What of Java or Mono? Well to start with, these programs run on top of a JIT or JVM typically. This demands that the strict data-code separation in PaX is disabled, resulting in a slightly weakened security model. On top of it, Java platforms assume that Java arrays can't be overflowed or double-freed, because the language is bounds checked and garbage collected; however, there is always the slight possibility that in the many tens or hundreds of thousands of lines of added code mimicking the functions of the operating system, a slight mistake can lead to the possibility of Java byte code that forces a double-free or internal overflow, leading to code injection.

C also carries with it a platform, a very thin one though, the "C runtime" or "C standard library." Although small, it presents the same issues as the Java platform; it's just fractionally worrisome because of its smaller size, and inherent security issues are better understood at this point. C++, Objective-C, and other languages build on top of the C runtime and create the problem of an expanded runtime again, though not to the epic proportions of full platforms like Java or Mono. In addition, these runtimes can still be protected by the same enhancements that protect C, although some may have other unexpected attack vectors.

There's a lack of convenience in full platform systems that hasn't been discussed, and has little to do with security. Java and Mono both isolate the program from the underlying system; because of this, they need bindings or reimplementations of common libraries. For example, there must be a class that supplies either a Java implementation of Ogg Vorbis or binds to the native libvorbisfile.so or libvorbisfile.dll to use Ogg Vorbis for Java applications to use Ogg Vorbis. This is mildly aggravating; but also grows the unprotected code base, and forces C libraries used via bindings to run without some security enhancements in JIT and JVM implementations.

There's one more effect that the security enhancements have on C and C++ programs. The increased restrictions tend to expose bugs rather spectacularly; once in a while a program will go from "acting weird sometimes" to simply hard-crashing when introduced into a secure environment. Not only does this force programmers to fix these bugs; but with the stack and heap protections, it even helps them along the way.
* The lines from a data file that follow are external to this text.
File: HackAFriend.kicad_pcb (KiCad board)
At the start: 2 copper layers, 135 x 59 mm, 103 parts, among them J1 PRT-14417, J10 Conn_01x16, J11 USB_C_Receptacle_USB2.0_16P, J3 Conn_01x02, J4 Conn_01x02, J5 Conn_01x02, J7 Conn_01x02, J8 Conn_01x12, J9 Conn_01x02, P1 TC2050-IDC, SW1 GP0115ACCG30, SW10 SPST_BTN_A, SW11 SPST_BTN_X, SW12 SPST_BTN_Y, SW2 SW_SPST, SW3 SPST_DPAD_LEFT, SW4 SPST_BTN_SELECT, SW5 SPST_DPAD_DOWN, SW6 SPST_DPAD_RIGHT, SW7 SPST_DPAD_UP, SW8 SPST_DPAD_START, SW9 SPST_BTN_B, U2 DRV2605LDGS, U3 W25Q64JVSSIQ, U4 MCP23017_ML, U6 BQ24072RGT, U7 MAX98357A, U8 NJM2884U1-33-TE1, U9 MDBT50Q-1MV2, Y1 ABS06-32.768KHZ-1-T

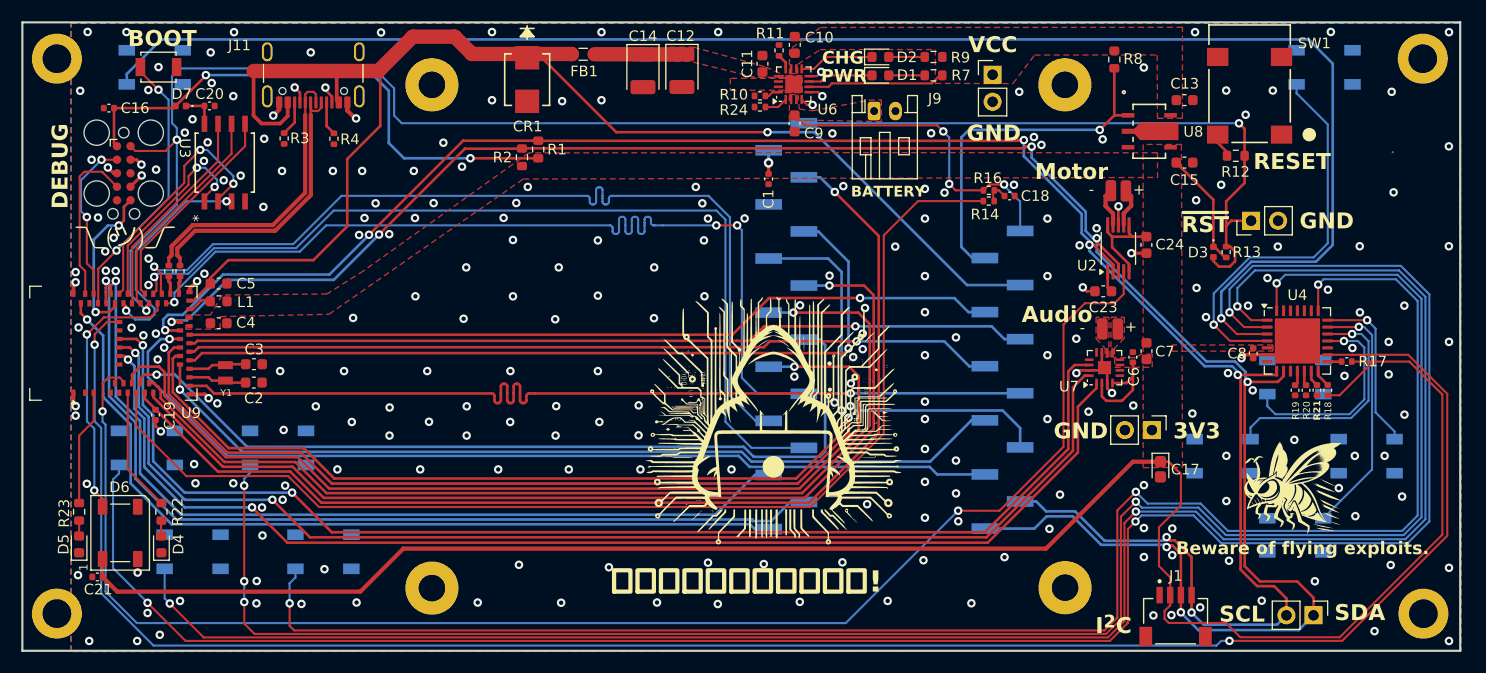
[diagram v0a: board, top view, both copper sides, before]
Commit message: Changed reset button, upgrade to new KiCad
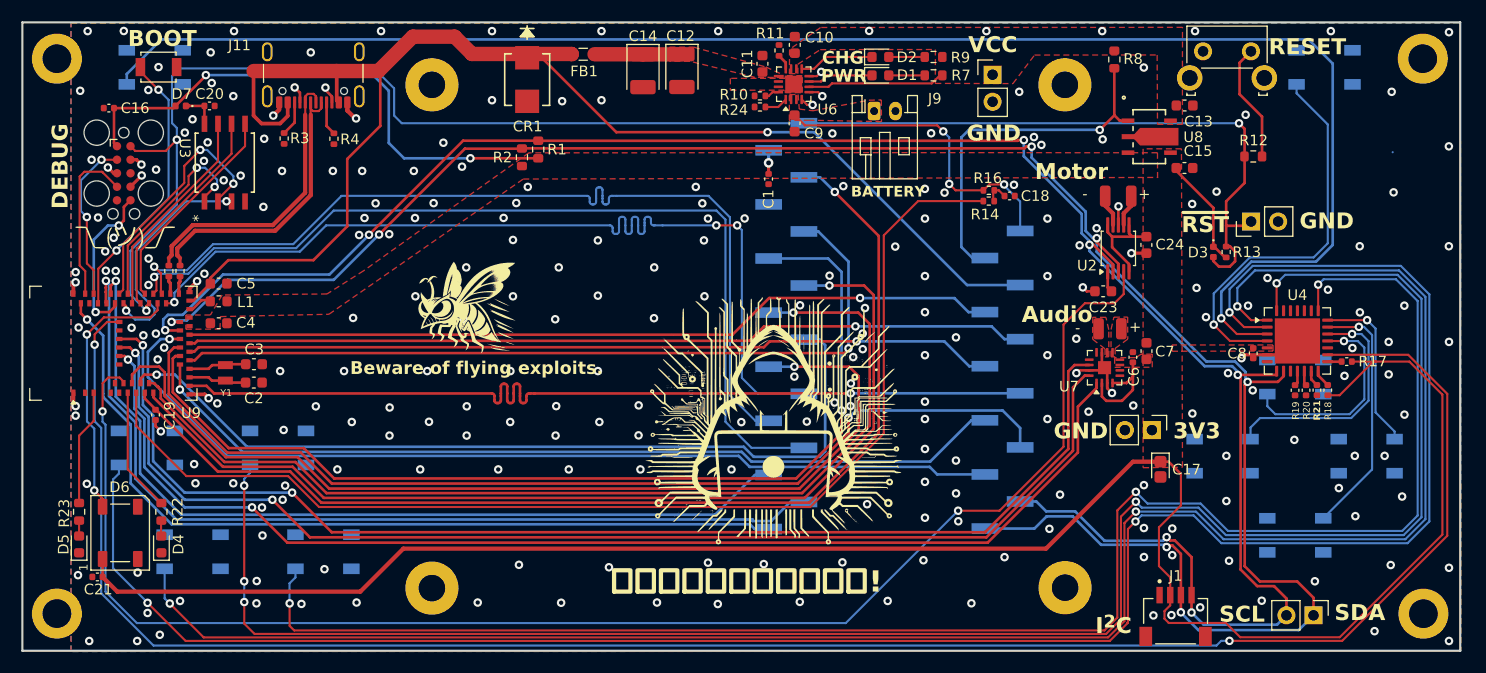
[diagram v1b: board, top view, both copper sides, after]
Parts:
- SW1: value GP0115ACCG30 -> ~; footprint GP0115ACCG30:SW_GP0115ACCG30_NKK -> Button_Switch_THT:SW_SPST_Omron_B3F-315x_Angled
- moved G*** 79.4 mm to (123.0, 88.2)
- moved SW1 4.63 mm to (191.9, 64.2), turned to 0 degrees
- moved G*** 3.64 mm to (103.1, 86.5)
- moved G*** 1.71 mm to (190.9, 63.1)
- moved R12 1.64 mm to (196.6, 74.1), turned to 180 degrees
- moved LPAD_OUT-1 0.74 mm to (182.7, 77.8)
- moved LPAD_OUT+1 0.71 mm to (185.2, 77.8)
- moved C13 0.51 mm to (190.2, 69.3)
- moved U8 0.51 mm to (186.9, 72.2)
- moved C15 0.51 mm to (190.2, 75.2)
- moved LPAD_OUT-2 0.36 mm to (182.1, 90.2)
- moved LPAD_OUT+2 0.33 mm to (184.2, 90.2)
- moved J7 0.07 mm to (196.4, 80.2)
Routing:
- net Net-(R12-Pad1): track 2.40 -> 11.2 mm
- net /Human Interfaces/MOTOR_OUT-: track 3.72 -> 3.01 mm
- net /Human Interfaces/MOTOR_OUT+: track 3.70 -> 2.99 mm
- net +3V3: track 267.2 -> 266.7 mm
- net GND: vias 257 -> 259

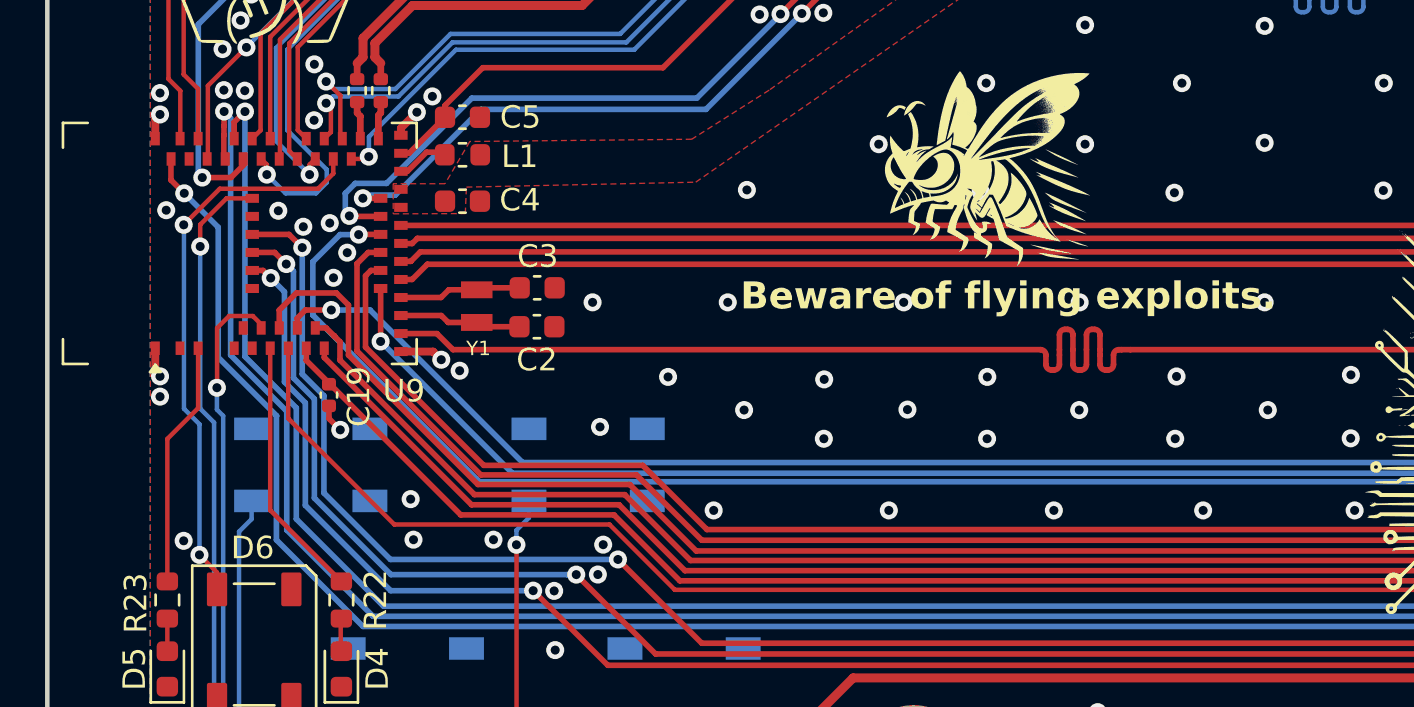
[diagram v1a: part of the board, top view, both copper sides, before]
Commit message: Added MP part number fields to schematic and PCB design,
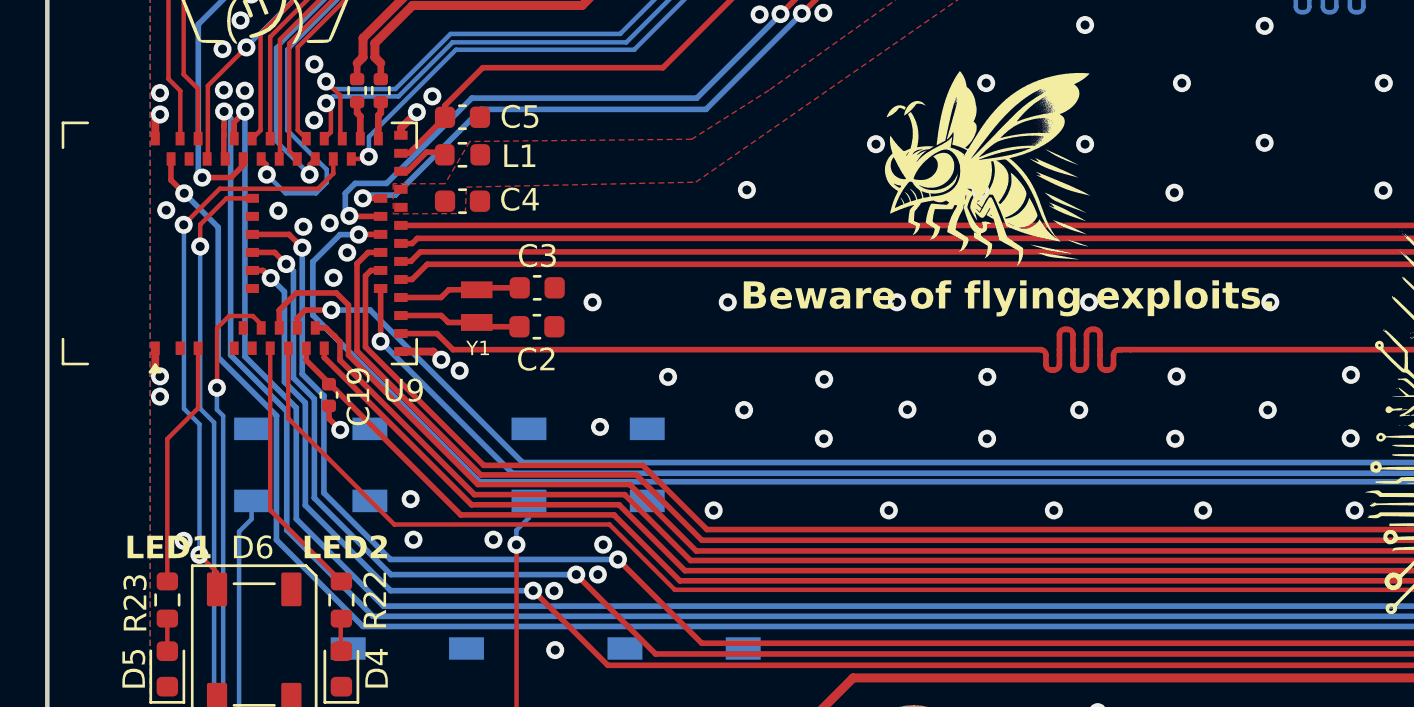
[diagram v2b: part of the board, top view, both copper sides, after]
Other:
- board text added: "Hack-A-Friend Version 0.9"
- board text added: "LED1"
- board text added: "LED2"
- board text removed: "Hack-A-Friend Version 1.0"
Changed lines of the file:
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@@
 			)
 		)
+		(property "MP" "B3F-3155"
+			(at 0 0 0)
+			(unlocked yes)
+			(layer "F.Fab")
+			(hide yes)
+			(effects
+				(font
+					(size 1 1)
+					(thickness 0.15)
+				)
+			)
+		)
 		(sheetname "/Power/")
 		(sheetfile "power.kicad_sch")
@@
 			)
 		)
+		(property "MP" "DRV2605LDGSR"
+			(at 0 0 90)
+			(unlocked yes)
+			(layer "F.Fab")
+			(hide yes)
+			(effects
+				(font
+					(size 1 1)
+					(thickness 0.15)
+				)
+			)
+		)
 		(property ki_fp_filters "VSSOP*3x3mm*P0.5mm*")
 		(sheetname "/Human Interfaces/")
@@
 		)
 	)
+	(gr_text "LED2"
+		(at 92.351905 105.7 0)
+		(layer "F.SilkS")
+		(effects
+			(font
+				(size 1 1)
+				(thickness 0.2)
+				(bold yes)
+			)
+			(justify left bottom)
+		)
+	)
 	(gr_text "SCL"
 		(at 193.4198 117.93 0)
@@
 		)
 	)
+	(gr_text "LED1"
+		(at 84.493005 105.7 0)
+		(layer "F.SilkS")
+		(effects
+			(font
+				(size 1 1)
+				(thickness 0.2)
+				(bold yes)
+			)
+			(justify left bottom)
+		)
+	)
 	(gr_text "3V3"
 		(at 189.1048 100.72 0)
@@
 		)
 	)
-	(gr_text "Hack-A-Friend\nVersion 1.0"
+	(gr_text "Hack-A-Friend\nVersion 0.9"
 		(at 108.9848 119.88 0)
 		(layer "B.SilkS")
@@
 	)
 	(via
-		(at 119.0698 94.22)
+		(at 118.769561 94.216989)
 		(size 0.8)
 		(drill 0.4)
@@
 	)
 	(via
-		(at 117.9598 87.2)
+		(at 117.838436 87.199811)
 		(size 0.8)
 		(drill 0.4)
@@
 	)
 	(via
-		(at 135.0898 94.22)
+		(at 135.340897 94.216989)
 		(size 0.8)
 		(drill 0.4)
@@
 	)
 	(via
-		(at 126.8798 94.22)
+		(at 127.298131 94.216989)
 		(size 0.8)
 		(drill 0.4)

In essence, the difficulty of debugging a C program can even be reduced by these; though not necessarily below the cost of debugging or writing up a Java or C# program, unless the needed libraries aren't available on those platforms.

So now, which language is more secure? I still say C, for no other reason than because it's easier to make the system protect itself from broken C programs than broken JVMs or Java applets. Assuming the JVM itself is perfect, however, I'm willing to say that C and Java are about on equal ground.